A Case Study Prepared for Stable 4/13/26

Rebuilding
experimentation
at Apollo.


How I replaced a six-year-old in-house A/B tool and taught the org to run hypothesis-backed experiments with real rigor for the first time.


By Peter Kincaid Interview Deck Vol. I · No. 01
01
How it started

A question in a
revenue war room.

Execs were pulled into a room over a multi-million-dollar miss on the month. My manager brought me in for exposure. A data analyst was walking through an A/B test on one of our pricing upsells. I asked him if we knew whether users were seeing the treatment. He said, "I'm not sure."

Do we know if users are seeing the treatment?

I cross-referenced Amplitude assignment data against our raw HTTP logs. A team had tried to run a nested split test and ended up hiding our credit top-up modal from the cohort entirely. Top-ups were one of our biggest revenue drivers, a three-click, in-flow upsell. Dark for weeks, and nobody knew. Our system had no exposure tracking. If it had, we would have caught the drop immediately.

My manager to me: "You should find us an A/B testing tool ASAP."
02
The state of play

An in-house A/B tool paired with an organization that doesn't practice experimentation.

  • No dependent split tests, no cohort experiments, no statistical rigor.
  • People used it interchangeably with feature flags. Nobody on the team agreed on what it was for.
  • Hypotheses were vibes. Decisions were vibes.
  • No exposure tracking. We ran analysis on users assigned to a variant, not users who ever saw it.
  • Losing experiments shipped anyway, because "we didn't want to throw away hard work."
  • We'd push major, major changes to 100% of users without any test at all.

One month, an un-tested change to the onboarding hub quietly cost us millions.

03
The bet

Why Amplitude,
on purpose.

Procurement

I'd been asking for a real experimentation tool since my first month at Apollo. Not a priority until the war room. The go-ahead came in a Slack message the same afternoon.

I shortlisted Amplitude and Statsig. Our head of data had heard "Amplitude wasn't great" from friends, but couldn't name a reason. I ran a technical comparison and showed that Statsig would add roughly two extra months of integration before our first experiment, and force a retrain of a product org that already lived in Amplitude every day.

We timed the deal to a favorable Amplitude renewal and saved about $60K on the contract.

Build

One month from green light to first experiment on the new system. I owned frontend, backend, docs, and training for about eighty percent of the work.
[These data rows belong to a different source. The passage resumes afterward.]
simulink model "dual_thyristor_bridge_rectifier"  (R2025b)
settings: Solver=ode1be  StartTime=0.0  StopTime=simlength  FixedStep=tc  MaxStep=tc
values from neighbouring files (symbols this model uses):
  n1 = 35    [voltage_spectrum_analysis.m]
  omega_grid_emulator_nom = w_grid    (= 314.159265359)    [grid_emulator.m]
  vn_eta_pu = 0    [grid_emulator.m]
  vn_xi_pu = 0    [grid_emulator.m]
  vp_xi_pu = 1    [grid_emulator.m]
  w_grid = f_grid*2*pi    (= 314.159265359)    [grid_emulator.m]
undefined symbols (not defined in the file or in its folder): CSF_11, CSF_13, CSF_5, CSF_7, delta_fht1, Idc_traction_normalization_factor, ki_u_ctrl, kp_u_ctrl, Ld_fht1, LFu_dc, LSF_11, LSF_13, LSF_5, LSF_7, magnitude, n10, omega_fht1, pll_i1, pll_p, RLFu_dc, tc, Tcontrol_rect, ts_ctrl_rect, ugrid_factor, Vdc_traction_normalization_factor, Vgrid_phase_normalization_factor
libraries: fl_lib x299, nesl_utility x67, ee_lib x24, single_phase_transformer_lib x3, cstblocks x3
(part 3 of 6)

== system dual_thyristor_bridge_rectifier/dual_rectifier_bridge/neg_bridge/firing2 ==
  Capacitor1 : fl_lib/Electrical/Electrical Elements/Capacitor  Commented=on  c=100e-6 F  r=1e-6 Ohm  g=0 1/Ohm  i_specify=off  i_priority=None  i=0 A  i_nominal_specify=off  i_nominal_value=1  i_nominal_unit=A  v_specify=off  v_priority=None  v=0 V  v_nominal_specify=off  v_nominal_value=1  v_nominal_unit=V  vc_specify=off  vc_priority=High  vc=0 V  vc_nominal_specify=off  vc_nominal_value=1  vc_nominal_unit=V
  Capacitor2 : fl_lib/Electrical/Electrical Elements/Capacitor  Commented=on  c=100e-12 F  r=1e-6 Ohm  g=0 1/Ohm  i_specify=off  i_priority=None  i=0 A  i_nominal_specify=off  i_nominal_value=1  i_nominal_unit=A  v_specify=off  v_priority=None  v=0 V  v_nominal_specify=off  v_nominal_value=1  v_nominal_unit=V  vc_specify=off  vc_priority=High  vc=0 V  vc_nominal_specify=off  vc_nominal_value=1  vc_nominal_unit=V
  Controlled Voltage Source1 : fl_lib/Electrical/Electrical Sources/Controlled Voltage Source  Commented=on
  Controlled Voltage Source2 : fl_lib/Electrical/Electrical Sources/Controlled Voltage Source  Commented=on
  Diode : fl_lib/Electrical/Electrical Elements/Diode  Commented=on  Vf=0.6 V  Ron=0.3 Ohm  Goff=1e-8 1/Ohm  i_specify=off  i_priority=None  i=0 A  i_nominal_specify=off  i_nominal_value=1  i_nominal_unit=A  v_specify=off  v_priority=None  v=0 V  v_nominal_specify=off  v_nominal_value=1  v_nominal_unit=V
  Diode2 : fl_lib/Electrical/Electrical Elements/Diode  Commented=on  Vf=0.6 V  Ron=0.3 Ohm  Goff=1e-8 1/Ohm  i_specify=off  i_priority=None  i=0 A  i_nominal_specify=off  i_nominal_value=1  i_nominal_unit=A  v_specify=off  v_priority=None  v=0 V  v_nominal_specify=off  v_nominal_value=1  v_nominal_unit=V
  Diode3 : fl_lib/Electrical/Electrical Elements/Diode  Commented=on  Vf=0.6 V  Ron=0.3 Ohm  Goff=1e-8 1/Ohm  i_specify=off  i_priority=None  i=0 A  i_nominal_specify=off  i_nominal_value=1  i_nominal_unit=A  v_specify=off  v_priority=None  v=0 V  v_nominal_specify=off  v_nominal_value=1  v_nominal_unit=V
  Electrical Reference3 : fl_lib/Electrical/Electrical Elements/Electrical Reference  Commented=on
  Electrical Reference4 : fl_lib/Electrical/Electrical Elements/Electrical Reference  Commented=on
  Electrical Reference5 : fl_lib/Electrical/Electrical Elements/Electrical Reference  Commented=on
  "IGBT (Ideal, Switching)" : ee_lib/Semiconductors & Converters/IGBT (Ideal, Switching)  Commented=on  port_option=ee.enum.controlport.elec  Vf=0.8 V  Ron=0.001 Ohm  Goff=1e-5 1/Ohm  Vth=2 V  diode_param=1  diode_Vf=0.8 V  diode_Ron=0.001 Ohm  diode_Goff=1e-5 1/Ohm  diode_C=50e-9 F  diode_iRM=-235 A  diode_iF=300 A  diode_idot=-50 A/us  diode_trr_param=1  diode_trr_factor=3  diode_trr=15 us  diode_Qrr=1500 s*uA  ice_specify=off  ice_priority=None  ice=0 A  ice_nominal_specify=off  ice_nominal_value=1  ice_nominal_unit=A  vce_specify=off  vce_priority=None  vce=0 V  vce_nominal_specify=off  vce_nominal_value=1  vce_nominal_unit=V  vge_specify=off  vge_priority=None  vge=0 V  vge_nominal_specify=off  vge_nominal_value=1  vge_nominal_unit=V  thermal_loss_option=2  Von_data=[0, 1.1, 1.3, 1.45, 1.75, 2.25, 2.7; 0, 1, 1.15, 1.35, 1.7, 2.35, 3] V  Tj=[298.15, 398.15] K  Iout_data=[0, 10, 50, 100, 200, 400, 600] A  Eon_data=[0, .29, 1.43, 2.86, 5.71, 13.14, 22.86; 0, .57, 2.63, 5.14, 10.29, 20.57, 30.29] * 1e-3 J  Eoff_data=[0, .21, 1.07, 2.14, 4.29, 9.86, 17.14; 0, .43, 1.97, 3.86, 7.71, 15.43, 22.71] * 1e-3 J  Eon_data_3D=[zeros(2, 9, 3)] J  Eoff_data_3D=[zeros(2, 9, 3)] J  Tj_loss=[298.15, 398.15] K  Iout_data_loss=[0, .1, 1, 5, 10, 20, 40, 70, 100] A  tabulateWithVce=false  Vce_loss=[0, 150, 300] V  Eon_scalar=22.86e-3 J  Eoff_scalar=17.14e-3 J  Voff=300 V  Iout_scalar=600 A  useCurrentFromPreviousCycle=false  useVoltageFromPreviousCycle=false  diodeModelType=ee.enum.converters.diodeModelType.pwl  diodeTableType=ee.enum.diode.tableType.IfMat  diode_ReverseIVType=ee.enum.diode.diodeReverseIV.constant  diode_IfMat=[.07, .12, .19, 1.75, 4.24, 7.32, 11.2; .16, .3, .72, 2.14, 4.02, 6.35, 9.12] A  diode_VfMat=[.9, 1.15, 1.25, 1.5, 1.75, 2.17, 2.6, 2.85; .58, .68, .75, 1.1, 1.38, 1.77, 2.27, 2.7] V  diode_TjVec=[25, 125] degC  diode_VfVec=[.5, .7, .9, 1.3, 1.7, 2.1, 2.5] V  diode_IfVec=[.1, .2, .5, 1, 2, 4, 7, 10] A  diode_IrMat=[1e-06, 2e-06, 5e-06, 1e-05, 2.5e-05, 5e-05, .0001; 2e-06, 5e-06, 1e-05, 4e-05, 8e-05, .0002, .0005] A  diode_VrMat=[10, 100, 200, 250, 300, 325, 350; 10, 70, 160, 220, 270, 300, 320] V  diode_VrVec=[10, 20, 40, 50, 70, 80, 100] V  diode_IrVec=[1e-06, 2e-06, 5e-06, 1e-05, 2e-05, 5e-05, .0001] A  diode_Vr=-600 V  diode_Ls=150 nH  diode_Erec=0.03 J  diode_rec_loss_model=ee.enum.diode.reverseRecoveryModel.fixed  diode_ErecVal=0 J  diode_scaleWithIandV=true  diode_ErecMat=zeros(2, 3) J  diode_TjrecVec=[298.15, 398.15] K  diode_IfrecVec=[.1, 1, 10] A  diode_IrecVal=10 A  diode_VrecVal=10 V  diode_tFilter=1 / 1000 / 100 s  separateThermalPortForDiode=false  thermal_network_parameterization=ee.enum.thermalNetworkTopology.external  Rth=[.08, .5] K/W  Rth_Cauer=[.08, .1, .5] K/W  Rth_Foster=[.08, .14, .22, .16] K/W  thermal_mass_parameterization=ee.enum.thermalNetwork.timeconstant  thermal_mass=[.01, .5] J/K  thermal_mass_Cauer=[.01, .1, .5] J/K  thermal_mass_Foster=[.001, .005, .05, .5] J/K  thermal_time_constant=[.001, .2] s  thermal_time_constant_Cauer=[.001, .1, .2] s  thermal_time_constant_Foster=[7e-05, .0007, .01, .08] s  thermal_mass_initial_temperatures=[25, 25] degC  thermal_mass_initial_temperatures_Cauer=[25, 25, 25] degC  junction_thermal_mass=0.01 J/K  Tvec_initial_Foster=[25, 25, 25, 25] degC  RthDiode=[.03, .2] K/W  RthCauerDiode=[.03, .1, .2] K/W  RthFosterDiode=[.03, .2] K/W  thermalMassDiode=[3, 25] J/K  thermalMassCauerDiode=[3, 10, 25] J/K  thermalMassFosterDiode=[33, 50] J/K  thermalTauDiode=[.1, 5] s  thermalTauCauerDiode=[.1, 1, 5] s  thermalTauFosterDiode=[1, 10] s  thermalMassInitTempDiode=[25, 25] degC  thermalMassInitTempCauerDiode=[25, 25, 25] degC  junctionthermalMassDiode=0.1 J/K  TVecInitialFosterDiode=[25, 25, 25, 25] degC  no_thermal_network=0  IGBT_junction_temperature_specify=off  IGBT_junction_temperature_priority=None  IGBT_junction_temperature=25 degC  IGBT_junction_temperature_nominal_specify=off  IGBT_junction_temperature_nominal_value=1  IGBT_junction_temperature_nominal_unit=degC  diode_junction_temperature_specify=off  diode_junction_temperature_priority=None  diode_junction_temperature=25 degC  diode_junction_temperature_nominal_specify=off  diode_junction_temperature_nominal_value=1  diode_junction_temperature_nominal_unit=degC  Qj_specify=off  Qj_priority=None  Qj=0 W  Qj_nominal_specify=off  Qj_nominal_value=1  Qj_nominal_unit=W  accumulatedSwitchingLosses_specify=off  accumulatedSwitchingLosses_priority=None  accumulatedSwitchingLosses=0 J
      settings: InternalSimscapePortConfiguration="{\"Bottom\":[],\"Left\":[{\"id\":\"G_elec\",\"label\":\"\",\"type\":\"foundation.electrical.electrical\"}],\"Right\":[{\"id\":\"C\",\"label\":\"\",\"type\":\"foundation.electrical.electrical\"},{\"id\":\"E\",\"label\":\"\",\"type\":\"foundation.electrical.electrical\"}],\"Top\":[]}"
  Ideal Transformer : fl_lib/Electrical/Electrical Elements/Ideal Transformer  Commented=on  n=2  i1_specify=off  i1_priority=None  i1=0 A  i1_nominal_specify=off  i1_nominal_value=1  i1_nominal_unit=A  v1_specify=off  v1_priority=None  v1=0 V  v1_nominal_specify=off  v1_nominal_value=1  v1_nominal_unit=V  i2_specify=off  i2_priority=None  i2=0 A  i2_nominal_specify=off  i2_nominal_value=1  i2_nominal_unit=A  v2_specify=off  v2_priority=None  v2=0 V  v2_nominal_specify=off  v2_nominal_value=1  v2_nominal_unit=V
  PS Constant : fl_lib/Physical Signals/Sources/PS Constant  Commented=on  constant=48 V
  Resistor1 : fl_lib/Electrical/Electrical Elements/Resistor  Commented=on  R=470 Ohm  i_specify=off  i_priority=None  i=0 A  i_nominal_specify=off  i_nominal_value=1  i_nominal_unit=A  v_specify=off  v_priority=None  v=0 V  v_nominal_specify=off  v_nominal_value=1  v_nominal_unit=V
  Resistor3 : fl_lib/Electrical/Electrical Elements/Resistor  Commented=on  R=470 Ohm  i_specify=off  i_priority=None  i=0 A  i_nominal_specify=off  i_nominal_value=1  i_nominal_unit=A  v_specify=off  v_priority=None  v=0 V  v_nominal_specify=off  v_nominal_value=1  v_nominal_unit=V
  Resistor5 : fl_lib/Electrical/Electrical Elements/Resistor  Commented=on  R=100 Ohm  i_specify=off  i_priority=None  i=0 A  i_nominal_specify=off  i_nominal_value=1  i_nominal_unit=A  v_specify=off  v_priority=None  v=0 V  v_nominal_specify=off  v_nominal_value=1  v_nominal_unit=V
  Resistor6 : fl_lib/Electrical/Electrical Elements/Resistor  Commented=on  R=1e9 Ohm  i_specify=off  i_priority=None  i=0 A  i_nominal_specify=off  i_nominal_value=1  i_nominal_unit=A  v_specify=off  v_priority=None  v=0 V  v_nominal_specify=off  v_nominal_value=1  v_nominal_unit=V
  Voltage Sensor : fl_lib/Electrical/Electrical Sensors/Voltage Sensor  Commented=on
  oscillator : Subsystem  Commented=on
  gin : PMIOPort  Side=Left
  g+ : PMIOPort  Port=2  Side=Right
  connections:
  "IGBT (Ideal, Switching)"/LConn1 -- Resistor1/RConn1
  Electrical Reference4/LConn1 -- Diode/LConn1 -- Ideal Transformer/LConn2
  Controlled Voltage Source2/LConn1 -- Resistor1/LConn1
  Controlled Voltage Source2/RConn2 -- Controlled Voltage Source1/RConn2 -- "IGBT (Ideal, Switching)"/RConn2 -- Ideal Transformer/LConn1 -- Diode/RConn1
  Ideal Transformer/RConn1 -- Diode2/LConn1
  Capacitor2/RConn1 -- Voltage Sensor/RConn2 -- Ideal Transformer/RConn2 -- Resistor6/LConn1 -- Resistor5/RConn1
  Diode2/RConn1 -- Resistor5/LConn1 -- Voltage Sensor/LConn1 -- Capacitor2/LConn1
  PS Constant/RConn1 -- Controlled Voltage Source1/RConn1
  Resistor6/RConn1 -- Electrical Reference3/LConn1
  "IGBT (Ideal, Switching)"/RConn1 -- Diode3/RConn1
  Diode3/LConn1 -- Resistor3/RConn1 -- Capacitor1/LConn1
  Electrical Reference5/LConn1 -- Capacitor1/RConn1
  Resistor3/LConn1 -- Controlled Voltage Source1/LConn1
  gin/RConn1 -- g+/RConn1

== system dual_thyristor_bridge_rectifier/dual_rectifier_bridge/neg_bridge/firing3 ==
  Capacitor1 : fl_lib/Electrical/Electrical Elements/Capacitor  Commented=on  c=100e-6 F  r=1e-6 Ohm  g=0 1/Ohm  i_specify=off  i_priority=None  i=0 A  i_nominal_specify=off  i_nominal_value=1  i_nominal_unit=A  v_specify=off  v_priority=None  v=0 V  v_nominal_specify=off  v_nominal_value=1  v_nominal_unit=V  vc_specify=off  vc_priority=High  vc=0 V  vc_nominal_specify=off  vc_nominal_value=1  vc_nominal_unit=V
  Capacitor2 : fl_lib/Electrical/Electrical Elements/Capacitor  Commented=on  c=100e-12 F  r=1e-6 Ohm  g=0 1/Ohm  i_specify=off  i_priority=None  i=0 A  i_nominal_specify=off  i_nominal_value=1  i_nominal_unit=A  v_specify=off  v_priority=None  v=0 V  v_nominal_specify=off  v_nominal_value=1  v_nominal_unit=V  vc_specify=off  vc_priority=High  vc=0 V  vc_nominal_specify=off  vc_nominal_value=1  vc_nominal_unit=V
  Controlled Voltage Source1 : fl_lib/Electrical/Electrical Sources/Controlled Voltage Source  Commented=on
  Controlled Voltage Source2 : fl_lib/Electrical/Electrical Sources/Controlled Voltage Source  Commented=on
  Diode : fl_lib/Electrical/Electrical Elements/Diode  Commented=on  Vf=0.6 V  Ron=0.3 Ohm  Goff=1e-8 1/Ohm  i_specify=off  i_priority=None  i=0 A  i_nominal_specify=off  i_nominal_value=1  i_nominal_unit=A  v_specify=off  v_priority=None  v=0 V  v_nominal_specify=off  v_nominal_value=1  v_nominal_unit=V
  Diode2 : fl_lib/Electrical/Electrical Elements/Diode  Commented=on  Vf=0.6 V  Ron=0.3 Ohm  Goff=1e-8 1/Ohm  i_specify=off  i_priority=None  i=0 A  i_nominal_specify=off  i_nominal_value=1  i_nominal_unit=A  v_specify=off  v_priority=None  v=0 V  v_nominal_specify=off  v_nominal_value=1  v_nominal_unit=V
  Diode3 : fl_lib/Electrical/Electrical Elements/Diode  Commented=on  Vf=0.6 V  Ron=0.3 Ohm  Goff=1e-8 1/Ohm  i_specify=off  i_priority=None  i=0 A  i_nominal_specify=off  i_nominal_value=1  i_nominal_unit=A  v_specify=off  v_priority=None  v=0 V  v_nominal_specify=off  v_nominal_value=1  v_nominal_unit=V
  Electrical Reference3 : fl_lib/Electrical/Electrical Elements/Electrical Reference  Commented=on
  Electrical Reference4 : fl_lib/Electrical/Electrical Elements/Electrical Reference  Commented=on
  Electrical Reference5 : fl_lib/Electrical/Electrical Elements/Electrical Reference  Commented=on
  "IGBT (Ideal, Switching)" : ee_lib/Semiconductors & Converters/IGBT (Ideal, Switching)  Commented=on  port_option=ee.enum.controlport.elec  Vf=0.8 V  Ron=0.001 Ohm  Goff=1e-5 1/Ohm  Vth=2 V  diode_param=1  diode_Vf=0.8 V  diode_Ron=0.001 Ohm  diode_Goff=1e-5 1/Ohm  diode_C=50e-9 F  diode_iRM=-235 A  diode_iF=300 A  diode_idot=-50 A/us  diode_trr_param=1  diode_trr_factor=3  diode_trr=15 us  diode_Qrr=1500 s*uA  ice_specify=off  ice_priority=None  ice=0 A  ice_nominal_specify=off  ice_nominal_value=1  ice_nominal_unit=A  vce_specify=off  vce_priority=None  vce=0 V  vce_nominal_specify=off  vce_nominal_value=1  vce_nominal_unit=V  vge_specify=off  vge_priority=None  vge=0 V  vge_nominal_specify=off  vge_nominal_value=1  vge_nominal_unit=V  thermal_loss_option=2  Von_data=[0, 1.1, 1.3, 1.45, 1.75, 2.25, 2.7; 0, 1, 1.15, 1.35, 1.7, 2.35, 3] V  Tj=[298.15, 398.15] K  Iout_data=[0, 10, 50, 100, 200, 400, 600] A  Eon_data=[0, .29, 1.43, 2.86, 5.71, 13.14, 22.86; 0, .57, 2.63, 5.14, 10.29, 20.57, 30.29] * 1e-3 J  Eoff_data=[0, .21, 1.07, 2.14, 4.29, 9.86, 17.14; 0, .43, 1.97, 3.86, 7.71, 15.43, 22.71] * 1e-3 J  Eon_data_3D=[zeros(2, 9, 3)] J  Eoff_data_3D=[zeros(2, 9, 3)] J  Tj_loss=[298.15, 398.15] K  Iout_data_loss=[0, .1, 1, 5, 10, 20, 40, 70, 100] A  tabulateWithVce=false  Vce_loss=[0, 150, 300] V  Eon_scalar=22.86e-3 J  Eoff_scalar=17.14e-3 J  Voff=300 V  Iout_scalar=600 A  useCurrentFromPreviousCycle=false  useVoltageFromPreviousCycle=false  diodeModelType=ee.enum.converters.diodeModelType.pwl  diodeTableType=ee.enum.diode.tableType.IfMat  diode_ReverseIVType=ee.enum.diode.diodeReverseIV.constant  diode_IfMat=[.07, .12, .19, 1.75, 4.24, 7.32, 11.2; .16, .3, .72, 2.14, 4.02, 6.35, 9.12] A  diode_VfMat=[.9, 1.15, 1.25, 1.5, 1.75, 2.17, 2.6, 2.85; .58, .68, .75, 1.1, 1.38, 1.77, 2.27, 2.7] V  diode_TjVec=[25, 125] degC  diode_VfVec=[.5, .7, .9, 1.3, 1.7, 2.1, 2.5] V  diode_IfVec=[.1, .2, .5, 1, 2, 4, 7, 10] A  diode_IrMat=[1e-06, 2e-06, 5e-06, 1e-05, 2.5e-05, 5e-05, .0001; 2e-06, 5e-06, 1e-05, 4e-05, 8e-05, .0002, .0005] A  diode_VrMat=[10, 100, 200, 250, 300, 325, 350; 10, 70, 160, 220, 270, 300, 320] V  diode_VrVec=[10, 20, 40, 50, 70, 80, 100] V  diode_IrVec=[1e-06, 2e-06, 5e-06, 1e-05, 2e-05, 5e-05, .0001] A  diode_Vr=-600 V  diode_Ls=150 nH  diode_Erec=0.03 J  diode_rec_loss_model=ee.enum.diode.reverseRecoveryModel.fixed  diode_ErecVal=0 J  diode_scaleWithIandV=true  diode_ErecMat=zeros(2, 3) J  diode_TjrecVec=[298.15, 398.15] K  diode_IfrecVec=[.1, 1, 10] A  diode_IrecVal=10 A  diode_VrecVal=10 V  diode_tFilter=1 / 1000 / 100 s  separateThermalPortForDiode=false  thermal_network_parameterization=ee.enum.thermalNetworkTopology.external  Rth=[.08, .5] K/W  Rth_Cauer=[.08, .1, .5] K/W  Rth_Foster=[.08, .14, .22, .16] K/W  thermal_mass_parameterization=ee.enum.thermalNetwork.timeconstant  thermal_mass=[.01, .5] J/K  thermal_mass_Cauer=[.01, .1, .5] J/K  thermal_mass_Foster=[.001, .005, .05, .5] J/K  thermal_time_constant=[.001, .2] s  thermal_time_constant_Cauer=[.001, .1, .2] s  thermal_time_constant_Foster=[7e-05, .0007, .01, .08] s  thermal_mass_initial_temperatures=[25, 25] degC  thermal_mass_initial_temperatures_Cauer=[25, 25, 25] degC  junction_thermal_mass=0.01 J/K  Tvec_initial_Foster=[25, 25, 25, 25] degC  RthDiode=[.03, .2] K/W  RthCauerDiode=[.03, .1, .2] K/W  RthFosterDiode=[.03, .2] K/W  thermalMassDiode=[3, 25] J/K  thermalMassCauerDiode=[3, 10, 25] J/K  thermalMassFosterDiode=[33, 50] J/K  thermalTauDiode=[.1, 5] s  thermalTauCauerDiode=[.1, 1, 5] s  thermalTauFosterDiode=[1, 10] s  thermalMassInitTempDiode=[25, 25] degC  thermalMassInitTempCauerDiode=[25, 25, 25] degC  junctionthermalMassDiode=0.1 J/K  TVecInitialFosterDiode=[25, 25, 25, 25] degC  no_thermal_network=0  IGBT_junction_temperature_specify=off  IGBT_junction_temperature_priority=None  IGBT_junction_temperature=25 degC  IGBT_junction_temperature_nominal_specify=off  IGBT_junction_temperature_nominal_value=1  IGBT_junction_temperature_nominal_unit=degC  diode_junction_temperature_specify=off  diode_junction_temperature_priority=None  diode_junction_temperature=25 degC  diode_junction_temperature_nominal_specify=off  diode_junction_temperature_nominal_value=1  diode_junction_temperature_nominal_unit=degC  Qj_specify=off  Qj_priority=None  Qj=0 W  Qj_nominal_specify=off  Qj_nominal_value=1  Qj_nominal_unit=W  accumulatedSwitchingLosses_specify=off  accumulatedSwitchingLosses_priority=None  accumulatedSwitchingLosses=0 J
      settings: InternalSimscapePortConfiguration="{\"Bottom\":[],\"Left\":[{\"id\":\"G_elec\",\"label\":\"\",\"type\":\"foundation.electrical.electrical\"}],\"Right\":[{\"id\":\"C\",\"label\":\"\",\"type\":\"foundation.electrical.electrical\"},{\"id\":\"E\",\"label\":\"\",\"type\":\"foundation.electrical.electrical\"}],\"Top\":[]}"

I pulled in a staff backend engineer for the hardest piece: a team-scoped 24-hour Redis cache layer. Our CTO had a hard mandate that app load stay under 200ms, and the experimentation SDK couldn't put that at risk.

Shortlist
Amplitude, Statsig
Time to first expt
~30 days
Contract savings
~$60K
04
Change management

The tool was the
easy part.

I wrote docs, built Slack bots, ran all-hands talks, and published playbooks. Teams still ran experiments wrong. They still shipped losing variants because they didn't want to throw away two weeks of work.

So I asked to embed a week at a time inside each product team. Teach the fundamentals, run one real experiment end-to-end together, stay through the readout. For a full quarter, half of my time went to teaching.

The hardest lesson I had to teach: it is okay to delete two weeks of your own code when the experiment loses. Better than letting it fester in the codebase and drag on users.

Case in point

The redesign that tanked.

One team wanted to ship a full feature redesign because "the new design is more intuitive" and a couple of high-ticket clients had asked for it. I was embedded with them the week before launch and asked how they planned to measure whether it worked. They hadn't planned to.

We ran it as an experiment. Usage tanked. The team fought the kill decision, until a VP who backed experimentation walked them through the same reasoning I had. We went back to the high-ticket accounts, pulled the useful feedback from the test, and built a middle ground instead.

05
What shifted

Experimentation became
how decisions got made.

Knowing every feature had to survive at least a week-long experiment before shipping, teams got more deliberate about what they built. A failed test meant deleting the code or going back, learning from the result, and rerunning. Either way, the stakes were real. So people stopped pitching features they couldn't defend.

My mentee's first ticket: users couldn't add a contact to a sequence from the prospecting page. She wrote a 30-line fix. Adoption jumped. We only saw the impact because we were finally instrumenting the right thing.

The quality of what shipped went up because the bar for starting work went up.

06
In hindsight

What I'd do
differently.

I'd fight for a top-down mandate on day one.

Leadership wanted voluntary adoption so we wouldn't impede team roadmaps. That consensus path kept the legacy tool on life support for an extra six months, and let old habits persist longer than they needed to. The software was the lever I pulled well. The organizational mandate was the lever I under-pulled.